With digital still cameras, users can easily collect thousands of photos. Our goal is to make organizing and browsing photos simple and quick, while retaining scalability to large collections. To that end, we created a photo management application concentrating on areas that improve the overall experience without neglecting the mundane components of such an application. Our application automatically divides photos into meaningful events such as birthdays or trips. Several user interaction mechanisms enhance the user experience when organizing photos. Our application combines a light table for showing thumbnails of the entire photo collection with a tree view that supports navigating, sorting, and filtering photos by categories such as dates, events, people, and locations. A calendar view visualizes photos over time and allows for the quick assignment of dates to scanned photos. We fine-tuned our application by using it with large personal photo collections provided by several users.
Modality preference – learning from users
R. Wasinger and A. Krüger. Modality preference – learning from users. In Proceedings of the User Experience Design for Pervasive Computing workshop, Munich, Germany, 11 May 2005. [PDF]
——-
This paper describes a qualitative comparison of input modalities for mobile applications. The author conducted a user study with about 50 users that were asked to fill questionnaires on a PDA. The questions targeted products that the users could find in a shop and therefore had to be answered while on the place.

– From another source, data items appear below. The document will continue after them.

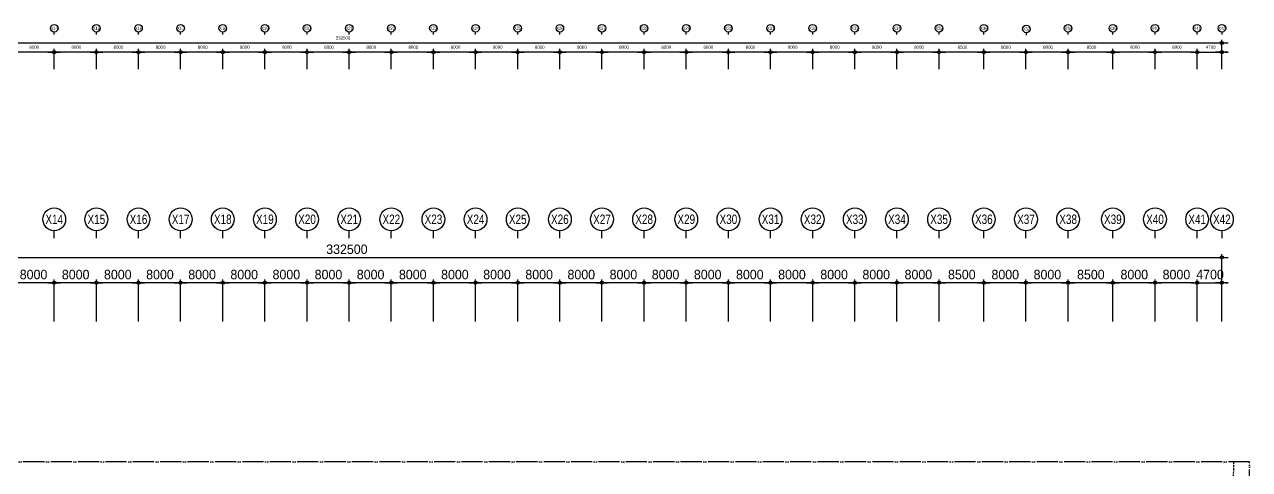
# Model space of a CAD drawing. Header units: millimetres. Extents: x 103947810 to 104370371, y -30955256 to -30705585.
# Drawn here: x 104137785 to 104370371, y -30790065 to -30705585 of the extents above; entities that cross this region are included whole.
import ezdxf
from ezdxf.enums import TextEntityAlignment as Align

# ---------------------------------------------------------------- set-up
doc = ezdxf.new("R2010")
doc.units = ezdxf.units.MM
doc.header["$LTSCALE"] = 200
doc.header["$MEASUREMENT"] = 0
doc.linetypes.add('CEN-2', pattern=[26, 20, -2, 0, -2, 0, -2])
doc.linetypes.add('HOON1', pattern=[3, 2, -1])
doc.layers.add('e-plan', color=9, linetype='CONTINUOUS')
doc.styles.add('돋움', font='Dotum.ttf')

# ---------------------------------------------------------------- blocks, each defined once
blk = doc.blocks.new('A$C2E7106E5')
at = {"layer": 'e-plan'}
for p, q in [((110800, 54482), (110800, 54962)), ((118800, 54482), (118800, 54962)), ((126800, 54482), (126800, 54962)), ((134800, 54482), (134800, 54962)), ((142800, 54482), (142800, 54962)), ((150800, 54482), (150800, 54962)), ((158800, 54482), (158800, 54962)), ((166800, 54482), (166800, 54962)), ((174800, 54482), (174800, 54962)), ((182800, 54482), (182800, 54962)), ((190800, 54482), (190800, 54962)), ((198800, 54482), (198800, 54962)), ((206800, 54482), (206800, 54962)), ((214800, 54482), (214800, 54962)), ((222800, 54482), (222800, 54962)), ((230800, 54482), (230800, 54962)), ((238800, 54482), (238800, 54962)), ((246800, 54482), (246800, 54962)), ((254800, 54482), (254800, 54962)), ((262800, 54482), (262800, 54962)), ((270800, 54482), (270800, 54962)), ((278800, 54482), (278800, 54962)), ((287300, 54482), (287300, 54962)), ((295376, 54358), (295376, 54838)), ((303300, 54482), (303300, 54962)), ((311800, 54482), (311800, 54962)), ((319800, 54482), (319800, 54962)), ((327800, 54482), (327800, 54962)), ((332500, 54962), (332500, 54482)), ((600, 52894), (331900, 52894)), ((110800, 47899), (110800, 51754)), ((110800, 47899), (110800, 51754)), ((118800, 47899), (118800, 51754)), ((118800, 47899), (118800, 51754)), ((126800, 47899), (126800, 51754)), ((126800, 47899), (126800, 51754)), ((134800, 47899), (134800, 51754)), ((134800, 47899), (134800, 51754)), ((142800, 47899), (142800, 51754)), ((142800, 47899), (142800, 51754)), ((150800, 47899), (150800, 51754)), ((150800, 47899), (150800, 51754)), ((158800, 47899), (158800, 51754)), ((158800, 47899), (158800, 51754)), ((166800, 47899), (166800, 51754)), ((166800, 47899), (166800, 51754)), ((174800, 47899), (174800, 51754)), ((174800, 47899), (174800, 51754)), ((182800, 47899), (182800, 51754)), ((182800, 47899), (182800, 51754)), ((190800, 47899), (190800, 51754)), ((190800, 47899), (190800, 51754)), ((198800, 47899), (198800, 51754)), ((198800, 47899), (198800, 51754)), ((206800, 47899), (206800, 51754)), ((206800, 47899), (206800, 51754)), ((214800, 47899), (214800, 51754)), ((214800, 47899), (214800, 51754)), ((222800, 47899), (222800, 51754)), ((222800, 47899), (222800, 51754)), ((230800, 47899), (230800, 51754)), ((230800, 47899), (230800, 51754)), ((238800, 47899), (238800, 51754)), ((238800, 47899), (238800, 51754)), ((246800, 47899), (246800, 51754)), ((246800, 47899), (246800, 51754)), ((254800, 47899), (254800, 51754)), ((254800, 47899), (254800, 51754)), ((262800, 47899), (262800, 51754)), ((262800, 47899), (262800, 51754)), ((270800, 47899), (270800, 51754)), ((270800, 47899), (270800, 51754)), ((278800, 47899), (278800, 51754)), ((278800, 47899), (278800, 51754)), ((287300, 47899), (287300, 51754)), ((287300, 47899), (287300, 51754)), ((295300, 47899), (295300, 51754)), ((295300, 47899), (295300, 51754)), ((303300, 47899), (303300, 51754)), ((303300, 47899), (303300, 51754)), ((311800, 47899), (311800, 51754)), ((311800, 47899), (311800, 51754)), ((319800, 47899), (319800, 51754)), ((319800, 47899), (319800, 51754)), ((327800, 47899), (327800, 51754)), ((327800, 47899), (327800, 51754)), ((331300, 52894), (333700, 52894)), ((332500, 47899), (332500, 53494)), ((332500, 47899), (332500, 51754)), ((110200, 51154), (103400, 51154)), ((109600, 51154), (112000, 51154)), ((112000, 51154), (109600, 51154)), ((118200, 51154), (111400, 51154)), ((117600, 51154), (120000, 51154)), ((120000, 51154), (117600, 51154)), ((126200, 51154), (119400, 51154)), ((128000, 51154), (125600, 51154)), ((125600, 51154), (128000, 51154)), ((134200, 51154), (127400, 51154)), ((133600, 51154), (136000, 51154)), ((136000, 51154), (133600, 51154)), ((142200, 51154), (135400, 51154)), ((144000, 51154), (141600, 51154)), ((141600, 51154), (144000, 51154)), ((150200, 51154), (143400, 51154)), ((149600, 51154), (152000, 51154)), ((152000, 51154), (149600, 51154)), ((158200, 51154), (151400, 51154)), ((157600, 51154), (160000, 51154)), ((160000, 51154), (157600, 51154)), ((166200, 51154), (159400, 51154)), ((165600, 51154), (168000, 51154)), ((168000, 51154), (165600, 51154)), ((174200, 51154), (167400, 51154)), ((173600, 51154), (176000, 51154)), ((176000, 51154), (173600, 51154)), ((182200, 51154), (175400, 51154)), ((184000, 51154), (181600, 51154)), ((181600, 51154), (184000, 51154)), ((190200, 51154), (183400, 51154)), ((189600, 51154), (192000, 51154)), ((192000, 51154), (189600, 51154)), ((198200, 51154), (191400, 51154)), ((197600, 51154), (200000, 51154)), ((200000, 51154), (197600, 51154)), ((206200, 51154), (199400, 51154)), ((205600, 51154), (208000, 51154)), ((208000, 51154), (205600, 51154)), ((214200, 51154), (207400, 51154)), ((213600, 51154), (216000, 51154)), ((216000, 51154), (213600, 51154)), ((222200, 51154), (215400, 51154)), ((221600, 51154), (224000, 51154)), ((224000, 51154), (221600, 51154)), ((230200, 51154), (223400, 51154)), ((232000, 51154), (229600, 51154)), ((229600, 51154), (232000, 51154)), ((238200, 51154), (231400, 51154)), ((237600, 51154), (240000, 51154)), ((240000, 51154), (237600, 51154)), ((246200, 51154), (239400, 51154)), ((248000, 51154), (245600, 51154)), ((245600, 51154), (248000, 51154)), ((254200, 51154), (247400, 51154)), ((253600, 51154), (256000, 51154)), ((256000, 51154), (253600, 51154)), ((262200, 51154), (255400, 51154)), ((261600, 51154), (264000, 51154)), ((264000, 51154), (261600, 51154)), ((270200, 51154), (263400, 51154)), ((272000, 51154), (269600, 51154)), ((269600, 51154), (272000, 51154)), ((278200, 51154), (271400, 51154)), ((277600, 51154), (280000, 51154)), ((280000, 51154), (277600, 51154)), ((286700, 51154), (279400, 51154)), ((286100, 51154), (288500, 51154)), ((288500, 51154), (286100, 51154)), ((294700, 51154), (287900, 51154)), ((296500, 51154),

The users were divided in different groups and each group was exposed to different input modality: speech, handwriting, intra- and extra-gestures.
Interestingly, speech was reported as being the most comfortable modality to use in comparison with handwriting but also the modality that could mostly expose privacy. Users reported being uncomfortable speaking sensible information to their devices. Handwriting was see as conflicting with other manual activities that needed to be carried out while shopping.